Records supplied Block Start

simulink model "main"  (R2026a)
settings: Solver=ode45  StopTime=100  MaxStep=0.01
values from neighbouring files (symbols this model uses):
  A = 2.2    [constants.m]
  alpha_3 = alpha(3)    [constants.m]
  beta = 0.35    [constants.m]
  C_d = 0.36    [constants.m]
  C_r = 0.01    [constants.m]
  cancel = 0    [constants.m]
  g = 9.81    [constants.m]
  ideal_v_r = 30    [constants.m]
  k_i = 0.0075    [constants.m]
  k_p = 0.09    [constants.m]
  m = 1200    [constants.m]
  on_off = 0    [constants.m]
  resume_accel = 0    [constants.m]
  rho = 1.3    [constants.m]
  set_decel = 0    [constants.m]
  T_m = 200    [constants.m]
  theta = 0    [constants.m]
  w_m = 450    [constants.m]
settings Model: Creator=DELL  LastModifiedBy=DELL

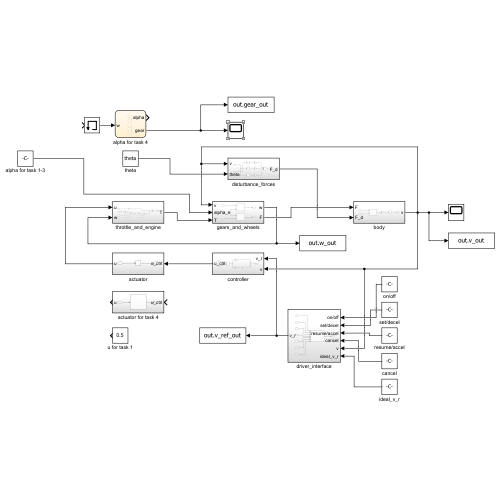
[thumbnail: Simulink's stored preview of the top-level diagram]
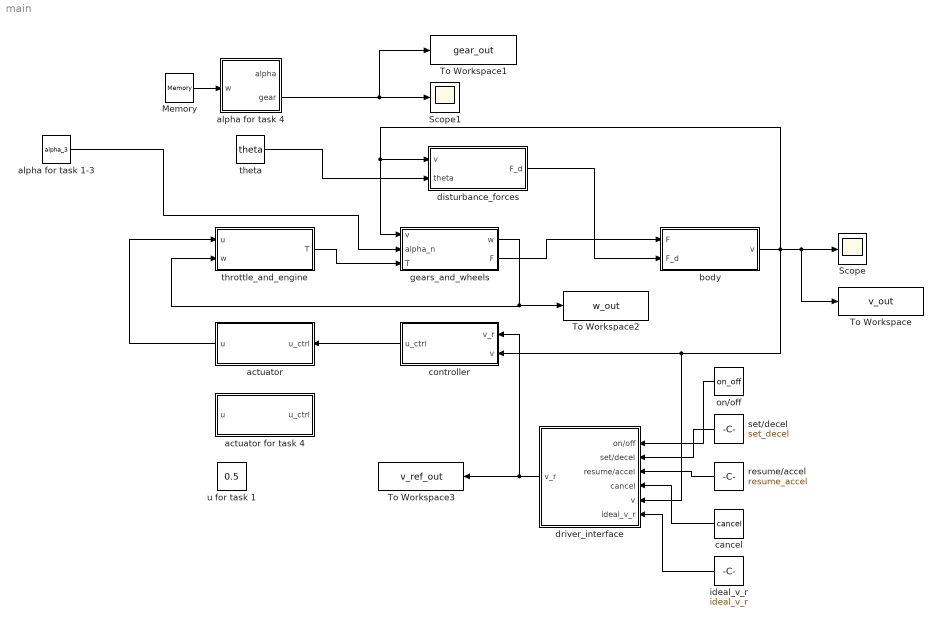
== system main ==
  Memory : Memory
  Scope : Scope
      settings: ActiveDisplayYMinimum=18.630360275102785  ActiveDisplayYMaximum=32.3142752983266
  Scope1 : Scope
      settings: ActiveDisplayYMinimum=0.87962205407173455  ActiveDisplayYMaximum=6.0075741233409117
  To Workspace : ToWorkspace  VariableName=v_out  SaveFormat=Structure With Time  SampleTime=-1
  To Workspace1 : ToWorkspace  VariableName=gear_out  SaveFormat=Structure With Time  SampleTime=-1
  To Workspace2 : ToWorkspace  VariableName=w_out  SaveFormat=Structure With Time  SampleTime=-1
  To Workspace3 : ToWorkspace  VariableName=v_ref_out  SaveFormat=Structure With Time  SampleTime=-1
  actuator : Subsystem
      settings: PortSchema="{\"entries\":[{\"content\":{\"sides\":[{\"content\":{\"connectorIds\":[\"Out1\"]},\"type\":\"ConnectorPlacement.EquallySpacedRectSide\",\"uuid\":\"1ed1fd3f-d9e8-489c-9ef6-29115445d832\"},{\"content\":{\"connectorIds\":[\"In1\"],\"side\":\"RIGHT\"},\"type\":\"ConnectorPlacement.EquallySpacedRectSide\",\"uuid\":\"cba28840-f4dd-4c82-8df2-502c6afdbda0\"},{\"content\":{\"side\":\"TOP\"},\"type\":\"ConnectorPlacement.EquallySpacedRectSide\",\"uuid\":\"27aaa382-ecb9-44b1-925e-36cfda6631f1\"}]},\"type\":\"ConnectorPlacement.EquallySpacedConnector\",\"uuid\":\"e8920326-9f6a-4dab-bf44-db418cdf5e32\"}],\"packageUris\":[\"http://schema.mathworks.com/mf0/Connector/R2020b\"],\"version\":\"1.0\"}"
  actuator for task 4 : Subsystem
  alpha for task 1-3 : Constant  Value=alpha_3
  alpha for task 4 : Stateflow chart  TreatAsAtomicUnit=on
  body : Subsystem
  cancel : Constant  Value=cancel
  controller : Subsystem
      settings: PortSchema="{\"entries\":[{\"content\":{\"sides\":[{\"content\":{\"connectorIds\":[\"Out1\"]},\"type\":\"ConnectorPlacement.EquallySpacedRectSide\",\"uuid\":\"553eb755-11bb-43c1-b4e4-68de2c64b51a\"},{\"content\":{\"connectorIds\":[\"In1\",\"In2\"],\"side\":\"RIGHT\"},\"type\":\"ConnectorPlacement.EquallySpacedRectSide\",\"uuid\":\"424a16fc-98c8-404c-b7fb-386b9e06adf4\"},{\"content\":{\"side\":\"TOP\"},\"type\":\"ConnectorPlacement.EquallySpacedRectSide\",\"uuid\":\"05f53437-ec27-48db-9993-03b089c6a791\"}]},\"type\":\"ConnectorPlacement.EquallySpacedConnector\",\"uuid\":\"3405b2ca-b482-436b-907d-54026e53ffb2\"}],\"packageUris\":[\"http://schema.mathworks.com/mf0/Connector/R2020b\"],\"version\":\"1.0\"}"
  disturbance_forces : Subsystem
  driver_interface : Subsystem
      settings: PortSchema="{\"entries\":[{\"content\":{\"sides\":[{\"content\":{\"connectorIds\":[\"Out1\"]},\"type\":\"ConnectorPlacement.EquallySpacedRectSide\",\"uuid\":\"1b3ba72c-0b75-4471-8fc8-ec093cc62009\"},{\"content\":{\"connectorIds\":[\"In1\",\"In2\",\"In3\",\"In4\",\"In5\",\"In6\"],\"side\":\"RIGHT\"},\"type\":\"ConnectorPlacement.EquallySpacedRectSide\",\"uuid\":\"9888d5fa-b32b-4147-b598-475b34976128\"},{\"content\":{\"side\":\"TOP\"},\"type\":\"ConnectorPlacement.EquallySpacedRectSide\",\"uuid\":\"54021165-6d42-436b-9749-1184e77cd3c2\"}]},\"type\":\"ConnectorPlacement.EquallySpacedConnector\",\"uuid\":\"275db26c-470c-4fc8-8b70-801213306570\"}],\"packageUris\":[\"http://schema.mathworks.com/mf0/Connector/R2020b\"],\"version\":\"1.0\"}"
  gears_and_wheels : Subsystem
  ideal_v_r : Constant  Value=ideal_v_r
  on/off : Constant  Value=on_off
  resume/accel : Constant  Value=resume_accel
  set/decel : Constant  Value=set_decel
  theta : Constant  Value=theta
  throttle_and_engine : Subsystem
  u for task 1 : Constant  Value=0.5
  wires:
  gears_and_wheels/2(F) -> body/1(F)
  disturbance_forces/1(F_d) -> body/2(F_d)
  throttle_and_engine/1(T) -> gears_and_wheels/3(T)
  body/1(v) -> To Workspace/1, Scope/1, driver_interface/5(v), controller/2(v), gears_and_wheels/1(v), disturbance_forces/1(v)
  theta/1 -> disturbance_forces/2(theta)
  gears_and_wheels/1(w) -> To Workspace2/1, throttle_and_engine/2(w)
  driver_interface/1(v_r) -> To Workspace3/1, controller/1(v_r)
  on/off/1 -> driver_interface/1(on/off)
  set/decel/1 -> driver_interface/2(set/decel)
  resume/accel/1 -> driver_interface/3(resume/accel)
  cancel/1 -> driver_interface/4(cancel)
  ideal_v_r/1 -> driver_interface/6(ideal_v_r)
  Memory/1 -> alpha for task 4/1(w)
  alpha for task 4/2(gear) -> To Workspace1/1, Scope1/1
  alpha for task 1-3/1 -> gears_and_wheels/2(alpha_n)
  actuator/1(u) -> throttle_and_engine/1(u)
  controller/1(u_ctrl) -> actuator/1(u_ctrl)

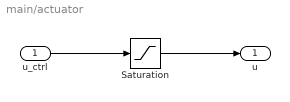
== system main/actuator ==
  u_ctrl : Inport
  Saturation : Saturate  UpperLimit=1  LowerLimit=0
  u : Outport
  wires:
  u_ctrl/1 -> Saturation/1
  Saturation/1 -> u/1

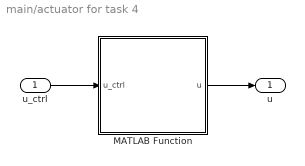
== system main/actuator for task 4 ==
  u_ctrl : Inport
  MATLAB Function : MATLAB Function  TreatAsAtomicUnit=on
  u : Outport
  wires:
  u_ctrl/1 -> MATLAB Function/1(u_ctrl)
  MATLAB Function/1(u) -> u/1

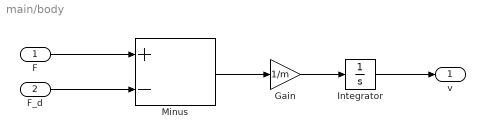
== system main/body ==
  F : Inport
  F_d : Inport  Port=2
  Gain : Gain  Gain=1/m
  Integrator : Integrator  InitialCondition=20
  Minus : Sum  Inputs=+-
  v : Outport
  wires:
  Minus/1 -> Gain/1
  F_d/1 -> Minus/2
  F/1 -> Minus/1
  Integrator/1 -> v/1
  Gain/1 -> Integrator/1

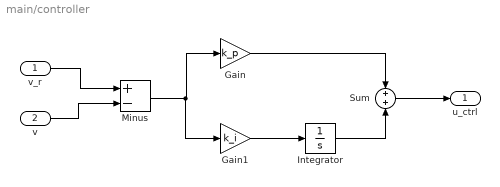
== system main/controller ==
  v_r : Inport
  v : Inport  Port=2
  Gain : Gain  Gain=k_p
  Gain1 : Gain  Gain=k_i
  Integrator : Integrator  InitialCondition=0.104
  Minus : Sum  Inputs=+-
  Sum : Sum
  u_ctrl : Outport
  wires:
  v_r/1 -> Minus/1
  v/1 -> Minus/2
  Minus/1 -> Gain1/1, Gain/1
  Gain/1 -> Sum/1
  Gain1/1 -> Integrator/1
  Sum/1 -> u_ctrl/1
  Integrator/1 -> Sum/2

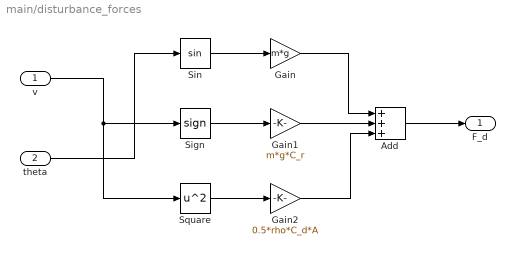
== system main/disturbance_forces ==
  v : Inport
  theta : Inport  Port=2
  Add : Sum  Inputs=+++
  Gain : Gain  Gain=m*g
  Gain1 : Gain  Gain=m*g*C_r
  Gain2 : Gain  Gain=0.5*rho*C_d*A
  Sign : Signum  ZeroCross=off
  Sin : Trigonometry
  Square : Math  Operator=square
  F_d : Outport
  wires:
  Add/1 -> F_d/1
  theta/1 -> Sin/1
  Sin/1 -> Gain/1
  Gain/1 -> Add/1
  v/1 -> Square/1, Sign/1
  Sign/1 -> Gain1/1
  Gain1/1 -> Add/2
  Square/1 -> Gain2/1
  Gain2/1 -> Add/3

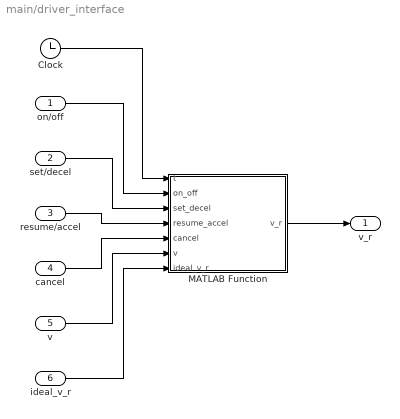
== system main/driver_interface ==
  on/off : Inport
  set/decel : Inport  Port=2
  resume/accel : Inport  Port=3
  cancel : Inport  Port=4
  v : Inport  Port=5
  ideal_v_r : Inport  Port=6
  Clock : Clock
  MATLAB Function : MATLAB Function  TreatAsAtomicUnit=on
  v_r : Outport
  wires:
  MATLAB Function/1(v_r) -> v_r/1
  on/off/1 -> MATLAB Function/2(on_off)
  set/decel/1 -> MATLAB Function/3(set_decel)
  resume/accel/1 -> MATLAB Function/4(resume_accel)
  cancel/1 -> MATLAB Function/5(cancel)
  v/1 -> MATLAB Function/6(v)
  ideal_v_r/1 -> MATLAB Function/7(ideal_v_r)
  Clock/1 -> MATLAB Function/1(t)

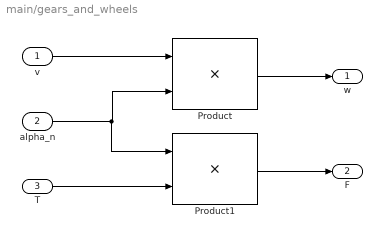
== system main/gears_and_wheels ==
  v : Inport
  alpha_n : Inport  Port=2
  T : Inport  Port=3
  Product : Product
  Product1 : Product
  w : Outport
  F : Outport  Port=2
  wires:
  T/1 -> Product1/2
  Product1/1 -> F/1
  Product/1 -> w/1
  alpha_n/1 -> Product1/1, Product/2
  v/1 -> Product/1

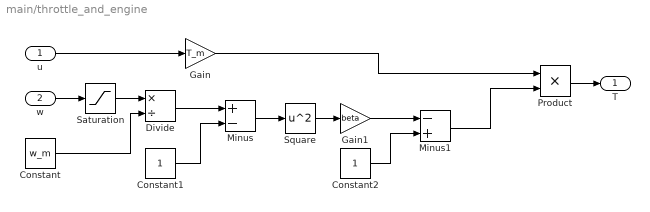
== system main/throttle_and_engine ==
  u : Inport
  w : Inport  Port=2
  Constant : Constant  Value=w_m
  Constant1 : Constant
  Constant2 : Constant
  Divide : Product  Inputs=*/
  Gain : Gain  Gain=T_m
  Gain1 : Gain  Gain=beta
  Minus : Sum  Inputs=+-
  Minus1 : Sum  Inputs=-+
  Product : Product
  Saturation : Saturate  UpperLimit=inf  LowerLimit=0.01
  Square : Math  Operator=square
  T : Outport  Unit=N*m
  wires:
  u/1 -> Gain/1
  Constant/1 -> Divide/2
  Square/1 -> Gain1/1
  Product/1 -> T/1
  w/1 -> Saturation/1
  Saturation/1 -> Divide/1
  Minus/1 -> Square/1
  Divide/1 -> Minus/1
  Constant1/1 -> Minus/2
  Constant2/1 -> Minus1/2
  Gain1/1 -> Minus1/1
  Minus1/1 -> Product/2
  Gain/1 -> Product/1

== matlab function main/actuator for task 4/MATLAB Function ==
  data: u_ctrl input; u output
function u = u_control(u_ctrl)
    u = 1;
end

== matlab function main/driver_interface/MATLAB Function ==
  data: t input; on_off input; v_r output; set_decel input; resume_accel input; cancel input; v input; ideal_v_r input
function v_r = driver(t, on_off, set_decel, resume_accel, cancel, v, ideal_v_r)
    if t < 10
        v_r = 20;
    else
        v_r = 30;
end

== stateflow chart main/alpha for task 4 ==
  state Gear1
    entry:
    alpha = 40;
    gear = 1;
  state Gear2
    entry:
    alpha = 25;
    gear = 2;
  state Gear3
    entry:
    alpha = 16;
    gear = 3;
  state Gear4
    entry:
    alpha = 12;
    gear = 4;
  state Gear5
    entry:
    alpha = 10;
    gear = 5;
  (default) -> Gear1
  Gear2 -> Gear1 [order 2] : [w<=220]
  Gear1 -> Gear2 : [w>=420]
  Gear3 -> Gear2 [order 2] : [w<=220]
  Gear2 -> Gear3 [order 1] : [w>=420]
  Gear4 -> Gear3 [order 2] : [w<=220]
  Gear3 -> Gear4 [order 1] : [w>=420]
  Gear5 -> Gear4 : [w<=220]
  Gear4 -> Gear5 [order 1] : [w>=420]
  data: w input; alpha output; gear output

Records supplied Block End

Starting at the line above with "Integrator/1 -> v/1", output every line exactly up to and including the line with "Product/1 -> T/1", but none of the pictures.

§ Exercise solution:
  Integrator/1 -> v/1
  Gain/1 -> Integrator/1

== system main/controller ==
  v_r : Inport
  v : Inport  Port=2
  Gain : Gain  Gain=k_p
  Gain1 : Gain  Gain=k_i
  Integrator : Integrator  InitialCondition=0.104
  Minus : Sum  Inputs=+-
  Sum : Sum
  u_ctrl : Outport
  wires:
  v_r/1 -> Minus/1
  v/1 -> Minus/2
  Minus/1 -> Gain1/1, Gain/1
  Gain/1 -> Sum/1
  Gain1/1 -> Integrator/1
  Sum/1 -> u_ctrl/1
  Integrator/1 -> Sum/2

== system main/disturbance_forces ==
  v : Inport
  theta : Inport  Port=2
  Add : Sum  Inputs=+++
  Gain : Gain  Gain=m*g
  Gain1 : Gain  Gain=m*g*C_r
  Gain2 : Gain  Gain=0.5*rho*C_d*A
  Sign : Signum  ZeroCross=off
  Sin : Trigonometry
  Square : Math  Operator=square
  F_d : Outport
  wires:
  Add/1 -> F_d/1
  theta/1 -> Sin/1
  Sin/1 -> Gain/1
  Gain/1 -> Add/1
  v/1 -> Square/1, Sign/1
  Sign/1 -> Gain1/1
  Gain1/1 -> Add/2
  Square/1 -> Gain2/1
  Gain2/1 -> Add/3

== system main/driver_interface ==
  on/off : Inport
  set/decel : Inport  Port=2
  resume/accel : Inport  Port=3
  cancel : Inport  Port=4
  v : Inport  Port=5
  ideal_v_r : Inport  Port=6
  Clock : Clock
  MATLAB Function : MATLAB Function  TreatAsAtomicUnit=on
  v_r : Outport
  wires:
  MATLAB Function/1(v_r) -> v_r/1
  on/off/1 -> MATLAB Function/2(on_off)
  set/decel/1 -> MATLAB Function/3(set_decel)
  resume/accel/1 -> MATLAB Function/4(resume_accel)
  cancel/1 -> MATLAB Function/5(cancel)
  v/1 -> MATLAB Function/6(v)
  ideal_v_r/1 -> MATLAB Function/7(ideal_v_r)
  Clock/1 -> MATLAB Function/1(t)

== system main/gears_and_wheels ==
  v : Inport
  alpha_n : Inport  Port=2
  T : Inport  Port=3
  Product : Product
  Product1 : Product
  w : Outport
  F : Outport  Port=2
  wires:
  T/1 -> Product1/2
  Product1/1 -> F/1
  Product/1 -> w/1
  alpha_n/1 -> Product1/1, Product/2
  v/1 -> Product/1

== system main/throttle_and_engine ==
  u : Inport
  w : Inport  Port=2
  Constant : Constant  Value=w_m
  Constant1 : Constant
  Constant2 : Constant
  Divide : Product  Inputs=*/
  Gain : Gain  Gain=T_m
  Gain1 : Gain  Gain=beta
  Minus : Sum  Inputs=+-
  Minus1 : Sum  Inputs=-+
  Product : Product
  Saturation : Saturate  UpperLimit=inf  LowerLimit=0.01
  Square : Math  Operator=square
  T : Outport  Unit=N*m
  wires:
  u/1 -> Gain/1
  Constant/1 -> Divide/2
  Square/1 -> Gain1/1
  Product/1 -> T/1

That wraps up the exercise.